┌─ Working data
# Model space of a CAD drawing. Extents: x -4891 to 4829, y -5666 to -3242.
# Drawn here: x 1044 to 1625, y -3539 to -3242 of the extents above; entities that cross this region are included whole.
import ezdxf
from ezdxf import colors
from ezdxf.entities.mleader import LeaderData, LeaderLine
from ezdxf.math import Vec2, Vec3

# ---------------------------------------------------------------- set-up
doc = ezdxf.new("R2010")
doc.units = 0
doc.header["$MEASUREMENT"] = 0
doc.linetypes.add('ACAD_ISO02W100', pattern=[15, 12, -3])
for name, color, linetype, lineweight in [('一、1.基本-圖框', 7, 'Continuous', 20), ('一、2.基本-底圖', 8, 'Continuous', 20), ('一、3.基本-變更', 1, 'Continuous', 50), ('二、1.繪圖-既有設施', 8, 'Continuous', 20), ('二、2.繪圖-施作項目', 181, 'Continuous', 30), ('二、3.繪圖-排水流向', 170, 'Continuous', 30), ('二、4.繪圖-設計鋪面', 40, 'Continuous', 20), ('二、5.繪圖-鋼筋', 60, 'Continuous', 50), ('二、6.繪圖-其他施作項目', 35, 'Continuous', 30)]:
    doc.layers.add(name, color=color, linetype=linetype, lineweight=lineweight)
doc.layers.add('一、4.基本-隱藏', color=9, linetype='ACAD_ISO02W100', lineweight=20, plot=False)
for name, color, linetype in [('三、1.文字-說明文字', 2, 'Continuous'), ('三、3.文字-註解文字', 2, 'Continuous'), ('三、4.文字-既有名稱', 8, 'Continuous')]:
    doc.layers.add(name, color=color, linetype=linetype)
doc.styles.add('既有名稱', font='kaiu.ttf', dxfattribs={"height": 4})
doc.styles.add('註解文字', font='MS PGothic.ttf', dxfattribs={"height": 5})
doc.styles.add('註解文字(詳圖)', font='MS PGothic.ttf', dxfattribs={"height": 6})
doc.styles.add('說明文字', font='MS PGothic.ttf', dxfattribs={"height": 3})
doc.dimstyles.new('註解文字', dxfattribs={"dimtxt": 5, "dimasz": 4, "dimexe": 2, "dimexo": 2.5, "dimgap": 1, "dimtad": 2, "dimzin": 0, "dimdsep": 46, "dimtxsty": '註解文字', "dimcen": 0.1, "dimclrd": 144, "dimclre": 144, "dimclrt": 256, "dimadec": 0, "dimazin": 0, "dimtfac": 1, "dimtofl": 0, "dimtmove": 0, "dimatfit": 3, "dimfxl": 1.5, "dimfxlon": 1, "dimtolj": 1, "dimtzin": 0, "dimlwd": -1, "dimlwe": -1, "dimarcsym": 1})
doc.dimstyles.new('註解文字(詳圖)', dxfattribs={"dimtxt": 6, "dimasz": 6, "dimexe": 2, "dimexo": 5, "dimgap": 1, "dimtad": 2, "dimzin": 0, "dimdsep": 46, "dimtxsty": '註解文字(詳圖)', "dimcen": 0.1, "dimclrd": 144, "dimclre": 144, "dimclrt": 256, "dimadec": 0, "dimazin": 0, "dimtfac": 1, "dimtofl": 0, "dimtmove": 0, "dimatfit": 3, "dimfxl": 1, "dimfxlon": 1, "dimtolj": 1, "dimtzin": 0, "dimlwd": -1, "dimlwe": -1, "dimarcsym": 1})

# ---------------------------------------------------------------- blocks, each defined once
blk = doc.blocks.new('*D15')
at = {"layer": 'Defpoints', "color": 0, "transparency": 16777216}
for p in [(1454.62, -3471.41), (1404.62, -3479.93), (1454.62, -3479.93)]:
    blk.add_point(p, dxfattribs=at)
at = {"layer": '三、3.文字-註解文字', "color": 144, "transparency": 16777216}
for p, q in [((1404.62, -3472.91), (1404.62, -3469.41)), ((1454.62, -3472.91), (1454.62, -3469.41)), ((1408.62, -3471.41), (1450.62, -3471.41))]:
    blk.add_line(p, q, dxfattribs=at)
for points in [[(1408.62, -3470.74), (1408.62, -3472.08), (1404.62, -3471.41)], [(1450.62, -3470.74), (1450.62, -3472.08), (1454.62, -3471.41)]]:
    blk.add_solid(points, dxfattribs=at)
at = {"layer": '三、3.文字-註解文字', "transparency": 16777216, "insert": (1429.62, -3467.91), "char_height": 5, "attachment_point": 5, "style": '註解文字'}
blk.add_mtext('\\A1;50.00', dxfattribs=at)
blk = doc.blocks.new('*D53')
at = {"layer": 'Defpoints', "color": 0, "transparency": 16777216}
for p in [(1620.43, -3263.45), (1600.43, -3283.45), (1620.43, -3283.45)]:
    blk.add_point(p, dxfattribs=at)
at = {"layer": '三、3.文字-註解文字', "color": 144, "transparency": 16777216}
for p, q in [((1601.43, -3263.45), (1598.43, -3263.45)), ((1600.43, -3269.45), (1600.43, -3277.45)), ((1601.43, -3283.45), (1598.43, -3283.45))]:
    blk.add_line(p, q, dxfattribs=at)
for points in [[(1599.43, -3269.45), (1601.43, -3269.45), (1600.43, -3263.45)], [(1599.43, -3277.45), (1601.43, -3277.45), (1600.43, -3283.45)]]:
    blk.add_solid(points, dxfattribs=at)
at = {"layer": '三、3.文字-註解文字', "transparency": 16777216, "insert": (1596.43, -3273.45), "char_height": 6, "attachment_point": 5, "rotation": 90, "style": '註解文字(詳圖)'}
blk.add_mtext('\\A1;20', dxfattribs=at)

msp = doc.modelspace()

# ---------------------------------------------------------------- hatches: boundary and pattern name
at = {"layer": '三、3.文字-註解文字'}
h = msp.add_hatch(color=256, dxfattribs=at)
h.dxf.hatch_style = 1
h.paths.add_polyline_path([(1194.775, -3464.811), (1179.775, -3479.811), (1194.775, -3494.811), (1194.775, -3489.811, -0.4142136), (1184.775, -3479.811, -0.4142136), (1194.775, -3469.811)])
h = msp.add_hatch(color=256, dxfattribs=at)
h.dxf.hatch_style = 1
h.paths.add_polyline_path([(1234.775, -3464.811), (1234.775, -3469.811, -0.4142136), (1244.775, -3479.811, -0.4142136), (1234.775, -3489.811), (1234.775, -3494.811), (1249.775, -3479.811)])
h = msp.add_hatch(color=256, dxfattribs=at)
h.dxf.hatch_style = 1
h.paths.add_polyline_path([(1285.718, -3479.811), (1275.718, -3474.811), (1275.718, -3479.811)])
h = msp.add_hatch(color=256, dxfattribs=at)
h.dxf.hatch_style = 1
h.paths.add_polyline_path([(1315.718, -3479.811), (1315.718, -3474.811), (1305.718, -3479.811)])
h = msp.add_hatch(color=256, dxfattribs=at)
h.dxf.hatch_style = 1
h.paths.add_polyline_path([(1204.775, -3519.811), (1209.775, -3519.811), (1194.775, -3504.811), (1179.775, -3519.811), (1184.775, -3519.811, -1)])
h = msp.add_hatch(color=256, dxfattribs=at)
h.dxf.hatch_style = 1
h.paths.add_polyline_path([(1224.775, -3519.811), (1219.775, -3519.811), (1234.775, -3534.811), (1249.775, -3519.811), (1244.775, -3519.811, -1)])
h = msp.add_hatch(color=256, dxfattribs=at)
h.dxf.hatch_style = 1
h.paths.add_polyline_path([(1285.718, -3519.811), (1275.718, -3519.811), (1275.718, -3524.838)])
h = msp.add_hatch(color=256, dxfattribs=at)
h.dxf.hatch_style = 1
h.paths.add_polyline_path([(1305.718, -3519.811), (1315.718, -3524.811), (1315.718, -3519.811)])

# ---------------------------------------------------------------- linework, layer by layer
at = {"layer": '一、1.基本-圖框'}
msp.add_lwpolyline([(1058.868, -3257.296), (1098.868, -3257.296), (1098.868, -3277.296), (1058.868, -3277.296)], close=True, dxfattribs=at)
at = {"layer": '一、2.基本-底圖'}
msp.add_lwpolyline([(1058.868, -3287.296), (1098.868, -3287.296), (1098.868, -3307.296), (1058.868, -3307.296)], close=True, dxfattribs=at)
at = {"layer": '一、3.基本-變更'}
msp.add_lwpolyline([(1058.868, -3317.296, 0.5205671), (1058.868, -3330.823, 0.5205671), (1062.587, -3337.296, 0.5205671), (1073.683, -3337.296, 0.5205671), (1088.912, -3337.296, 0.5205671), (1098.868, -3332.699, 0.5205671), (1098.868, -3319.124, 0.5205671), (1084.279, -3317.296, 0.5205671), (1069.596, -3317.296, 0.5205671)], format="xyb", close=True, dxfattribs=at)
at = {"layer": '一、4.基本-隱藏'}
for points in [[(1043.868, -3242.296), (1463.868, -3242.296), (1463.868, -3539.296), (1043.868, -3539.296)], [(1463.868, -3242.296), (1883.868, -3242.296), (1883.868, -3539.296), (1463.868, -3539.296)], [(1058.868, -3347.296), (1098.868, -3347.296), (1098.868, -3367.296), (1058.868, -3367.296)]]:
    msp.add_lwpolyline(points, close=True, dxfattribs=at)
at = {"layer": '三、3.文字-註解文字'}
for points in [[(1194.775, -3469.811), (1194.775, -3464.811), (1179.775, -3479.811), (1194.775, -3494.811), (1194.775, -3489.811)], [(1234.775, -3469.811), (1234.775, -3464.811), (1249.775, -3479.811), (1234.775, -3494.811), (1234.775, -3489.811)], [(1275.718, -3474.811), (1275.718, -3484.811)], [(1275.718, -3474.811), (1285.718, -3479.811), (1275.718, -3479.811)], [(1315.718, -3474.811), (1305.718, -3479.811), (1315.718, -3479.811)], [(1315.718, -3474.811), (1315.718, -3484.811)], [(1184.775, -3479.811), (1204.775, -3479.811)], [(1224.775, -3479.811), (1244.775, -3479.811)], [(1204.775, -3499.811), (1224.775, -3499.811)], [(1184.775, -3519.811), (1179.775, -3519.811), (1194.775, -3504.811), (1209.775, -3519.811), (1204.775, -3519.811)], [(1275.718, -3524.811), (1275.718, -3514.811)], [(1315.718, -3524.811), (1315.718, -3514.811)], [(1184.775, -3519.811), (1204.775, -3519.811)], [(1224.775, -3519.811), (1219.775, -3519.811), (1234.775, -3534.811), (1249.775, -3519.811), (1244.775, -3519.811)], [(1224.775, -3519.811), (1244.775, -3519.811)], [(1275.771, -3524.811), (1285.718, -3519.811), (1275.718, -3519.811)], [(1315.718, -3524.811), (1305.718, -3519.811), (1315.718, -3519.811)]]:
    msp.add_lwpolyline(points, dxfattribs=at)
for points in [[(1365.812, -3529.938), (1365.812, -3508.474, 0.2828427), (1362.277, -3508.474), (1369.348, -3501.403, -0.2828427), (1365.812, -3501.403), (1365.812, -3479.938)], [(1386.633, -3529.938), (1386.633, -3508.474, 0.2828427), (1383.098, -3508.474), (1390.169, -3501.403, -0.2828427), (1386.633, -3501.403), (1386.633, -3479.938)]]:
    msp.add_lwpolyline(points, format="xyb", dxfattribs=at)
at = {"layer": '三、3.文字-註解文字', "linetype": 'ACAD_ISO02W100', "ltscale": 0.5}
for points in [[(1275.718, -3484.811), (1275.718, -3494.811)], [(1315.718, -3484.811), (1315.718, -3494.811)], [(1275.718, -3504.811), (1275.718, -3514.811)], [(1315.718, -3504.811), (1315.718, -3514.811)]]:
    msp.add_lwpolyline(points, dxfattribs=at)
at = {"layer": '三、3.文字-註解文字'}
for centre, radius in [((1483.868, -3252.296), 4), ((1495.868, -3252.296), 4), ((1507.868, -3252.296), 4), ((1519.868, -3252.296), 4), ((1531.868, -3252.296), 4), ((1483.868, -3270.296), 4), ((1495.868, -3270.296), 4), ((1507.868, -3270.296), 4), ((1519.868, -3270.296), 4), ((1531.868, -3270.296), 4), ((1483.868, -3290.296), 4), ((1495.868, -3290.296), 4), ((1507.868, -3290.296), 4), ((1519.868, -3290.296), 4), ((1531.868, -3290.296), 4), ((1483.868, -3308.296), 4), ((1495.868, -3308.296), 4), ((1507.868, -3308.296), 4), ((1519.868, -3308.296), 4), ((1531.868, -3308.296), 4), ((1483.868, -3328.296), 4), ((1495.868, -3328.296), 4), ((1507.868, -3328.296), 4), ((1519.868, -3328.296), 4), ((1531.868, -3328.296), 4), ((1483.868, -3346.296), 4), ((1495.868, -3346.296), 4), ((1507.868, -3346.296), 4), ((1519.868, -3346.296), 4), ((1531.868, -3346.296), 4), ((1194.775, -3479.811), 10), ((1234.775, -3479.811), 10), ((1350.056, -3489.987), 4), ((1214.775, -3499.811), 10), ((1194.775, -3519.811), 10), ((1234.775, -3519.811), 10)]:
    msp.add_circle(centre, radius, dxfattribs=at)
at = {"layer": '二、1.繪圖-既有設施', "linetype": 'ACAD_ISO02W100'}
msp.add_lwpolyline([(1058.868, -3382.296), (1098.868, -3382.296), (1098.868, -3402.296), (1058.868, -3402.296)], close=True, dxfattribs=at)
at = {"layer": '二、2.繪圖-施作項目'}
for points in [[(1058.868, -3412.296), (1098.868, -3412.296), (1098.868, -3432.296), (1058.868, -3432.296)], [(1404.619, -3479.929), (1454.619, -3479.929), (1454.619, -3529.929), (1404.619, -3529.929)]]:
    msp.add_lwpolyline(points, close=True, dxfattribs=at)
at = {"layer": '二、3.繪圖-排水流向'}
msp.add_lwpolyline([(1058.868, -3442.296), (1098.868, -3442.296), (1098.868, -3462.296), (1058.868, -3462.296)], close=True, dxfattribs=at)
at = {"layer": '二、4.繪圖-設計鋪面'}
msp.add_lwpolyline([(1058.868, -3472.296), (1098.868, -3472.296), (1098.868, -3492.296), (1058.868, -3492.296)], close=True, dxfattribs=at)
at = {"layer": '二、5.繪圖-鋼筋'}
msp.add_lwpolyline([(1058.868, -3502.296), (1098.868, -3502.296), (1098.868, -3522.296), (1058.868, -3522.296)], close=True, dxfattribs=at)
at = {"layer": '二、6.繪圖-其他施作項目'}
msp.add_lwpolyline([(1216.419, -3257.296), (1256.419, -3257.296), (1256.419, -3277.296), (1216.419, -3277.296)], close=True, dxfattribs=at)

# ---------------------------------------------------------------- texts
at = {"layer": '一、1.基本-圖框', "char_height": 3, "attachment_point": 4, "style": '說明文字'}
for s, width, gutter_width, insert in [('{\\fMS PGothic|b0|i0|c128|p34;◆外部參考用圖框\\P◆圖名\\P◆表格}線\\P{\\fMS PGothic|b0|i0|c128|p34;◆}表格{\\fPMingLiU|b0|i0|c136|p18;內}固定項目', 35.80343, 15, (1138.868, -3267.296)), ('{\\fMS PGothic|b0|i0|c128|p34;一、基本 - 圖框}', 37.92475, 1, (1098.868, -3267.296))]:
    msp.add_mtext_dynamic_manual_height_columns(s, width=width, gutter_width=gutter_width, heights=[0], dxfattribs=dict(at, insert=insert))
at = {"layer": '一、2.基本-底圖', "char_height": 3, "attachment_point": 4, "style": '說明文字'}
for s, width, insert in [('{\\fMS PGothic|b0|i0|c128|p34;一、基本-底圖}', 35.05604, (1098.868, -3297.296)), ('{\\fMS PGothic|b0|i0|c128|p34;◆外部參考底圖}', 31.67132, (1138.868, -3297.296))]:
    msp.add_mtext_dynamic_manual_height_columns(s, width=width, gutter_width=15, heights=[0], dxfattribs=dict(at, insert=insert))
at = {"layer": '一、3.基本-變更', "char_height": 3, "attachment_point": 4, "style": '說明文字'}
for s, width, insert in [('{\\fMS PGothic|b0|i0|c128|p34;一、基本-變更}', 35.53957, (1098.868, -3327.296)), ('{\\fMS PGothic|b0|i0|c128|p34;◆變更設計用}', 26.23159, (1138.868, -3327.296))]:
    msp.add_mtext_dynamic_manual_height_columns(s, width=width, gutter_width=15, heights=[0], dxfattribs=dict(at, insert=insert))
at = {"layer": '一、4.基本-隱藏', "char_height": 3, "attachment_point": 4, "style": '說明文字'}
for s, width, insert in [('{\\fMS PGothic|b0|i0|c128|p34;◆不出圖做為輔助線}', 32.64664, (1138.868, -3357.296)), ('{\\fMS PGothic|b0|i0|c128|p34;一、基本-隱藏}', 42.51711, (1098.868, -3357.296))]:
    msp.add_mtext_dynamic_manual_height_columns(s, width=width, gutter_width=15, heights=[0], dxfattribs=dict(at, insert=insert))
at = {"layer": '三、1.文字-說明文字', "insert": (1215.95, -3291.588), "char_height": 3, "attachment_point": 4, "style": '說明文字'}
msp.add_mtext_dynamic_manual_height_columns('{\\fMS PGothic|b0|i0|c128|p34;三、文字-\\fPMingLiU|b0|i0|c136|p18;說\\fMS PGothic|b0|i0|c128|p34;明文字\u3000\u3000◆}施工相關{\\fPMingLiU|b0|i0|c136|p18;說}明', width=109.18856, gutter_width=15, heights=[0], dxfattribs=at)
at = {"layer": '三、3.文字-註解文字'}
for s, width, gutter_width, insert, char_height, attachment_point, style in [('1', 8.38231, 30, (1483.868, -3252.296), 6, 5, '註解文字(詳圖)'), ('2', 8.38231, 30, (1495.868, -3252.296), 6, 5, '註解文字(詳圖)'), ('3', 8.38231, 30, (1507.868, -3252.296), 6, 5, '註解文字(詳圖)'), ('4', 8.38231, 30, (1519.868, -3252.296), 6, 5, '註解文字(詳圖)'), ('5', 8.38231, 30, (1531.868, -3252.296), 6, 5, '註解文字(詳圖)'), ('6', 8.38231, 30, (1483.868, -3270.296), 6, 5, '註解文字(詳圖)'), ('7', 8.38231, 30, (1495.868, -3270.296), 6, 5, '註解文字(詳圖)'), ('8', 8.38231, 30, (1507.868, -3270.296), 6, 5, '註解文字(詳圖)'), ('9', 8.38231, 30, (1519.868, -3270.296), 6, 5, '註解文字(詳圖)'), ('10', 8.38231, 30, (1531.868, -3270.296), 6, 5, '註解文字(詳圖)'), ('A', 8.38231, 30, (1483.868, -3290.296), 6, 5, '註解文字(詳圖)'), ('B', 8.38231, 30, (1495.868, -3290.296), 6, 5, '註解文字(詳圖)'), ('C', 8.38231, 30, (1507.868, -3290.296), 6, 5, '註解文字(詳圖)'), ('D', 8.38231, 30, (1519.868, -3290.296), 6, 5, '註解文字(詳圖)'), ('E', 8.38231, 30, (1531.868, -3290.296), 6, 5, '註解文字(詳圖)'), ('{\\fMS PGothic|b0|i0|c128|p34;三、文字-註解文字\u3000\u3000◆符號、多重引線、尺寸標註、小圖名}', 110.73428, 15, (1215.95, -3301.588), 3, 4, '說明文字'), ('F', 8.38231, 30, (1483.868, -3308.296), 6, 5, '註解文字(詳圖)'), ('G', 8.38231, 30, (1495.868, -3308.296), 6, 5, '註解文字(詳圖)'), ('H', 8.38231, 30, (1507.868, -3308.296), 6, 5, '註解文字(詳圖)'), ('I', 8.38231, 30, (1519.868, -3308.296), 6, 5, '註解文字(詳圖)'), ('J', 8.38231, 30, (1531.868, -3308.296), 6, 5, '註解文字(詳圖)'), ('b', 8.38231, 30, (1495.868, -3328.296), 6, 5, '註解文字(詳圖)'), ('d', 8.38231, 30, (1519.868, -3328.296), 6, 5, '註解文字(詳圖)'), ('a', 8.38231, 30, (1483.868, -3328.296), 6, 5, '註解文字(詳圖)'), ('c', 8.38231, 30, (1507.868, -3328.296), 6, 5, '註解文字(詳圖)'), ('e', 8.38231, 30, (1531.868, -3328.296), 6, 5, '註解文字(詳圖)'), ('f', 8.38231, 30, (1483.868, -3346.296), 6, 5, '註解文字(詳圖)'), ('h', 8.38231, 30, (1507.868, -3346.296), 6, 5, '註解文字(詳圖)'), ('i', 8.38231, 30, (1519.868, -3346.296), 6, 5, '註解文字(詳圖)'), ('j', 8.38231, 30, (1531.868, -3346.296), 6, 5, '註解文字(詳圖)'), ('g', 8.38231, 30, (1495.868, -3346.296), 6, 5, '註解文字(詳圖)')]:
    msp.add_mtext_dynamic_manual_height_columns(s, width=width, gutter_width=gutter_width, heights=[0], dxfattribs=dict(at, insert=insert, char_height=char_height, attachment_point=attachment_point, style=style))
└─
Look through the entries, and return every line that the word "fPMingLiU" appears in.

for s, width, gutter_width, insert in [('{\\fMS PGothic|b0|i0|c128|p34;◆外部參考用圖框\\P◆圖名\\P◆表格}線\\P{\\fMS PGothic|b0|i0|c128|p34;◆}表格{\\fPMingLiU|b0|i0|c136|p18;內}固定項目', 35.80343, 15, (1138.868, -3267.296)), ('{\\fMS PGothic|b0|i0|c128|p34;一、基本 - 圖框}', 37.92475, 1, (1098.868, -3267.296))]:
msp.add_mtext_dynamic_manual_height_columns('{\\fMS PGothic|b0|i0|c128|p34;三、文字-\\fPMingLiU|b0|i0|c136|p18;說\\fMS PGothic|b0|i0|c128|p34;明文字\u3000\u3000◆}施工相關{\\fPMingLiU|b0|i0|c136|p18;說}明', width=109.18856, gutter_width=15, heights=[0], dxfattribs=at)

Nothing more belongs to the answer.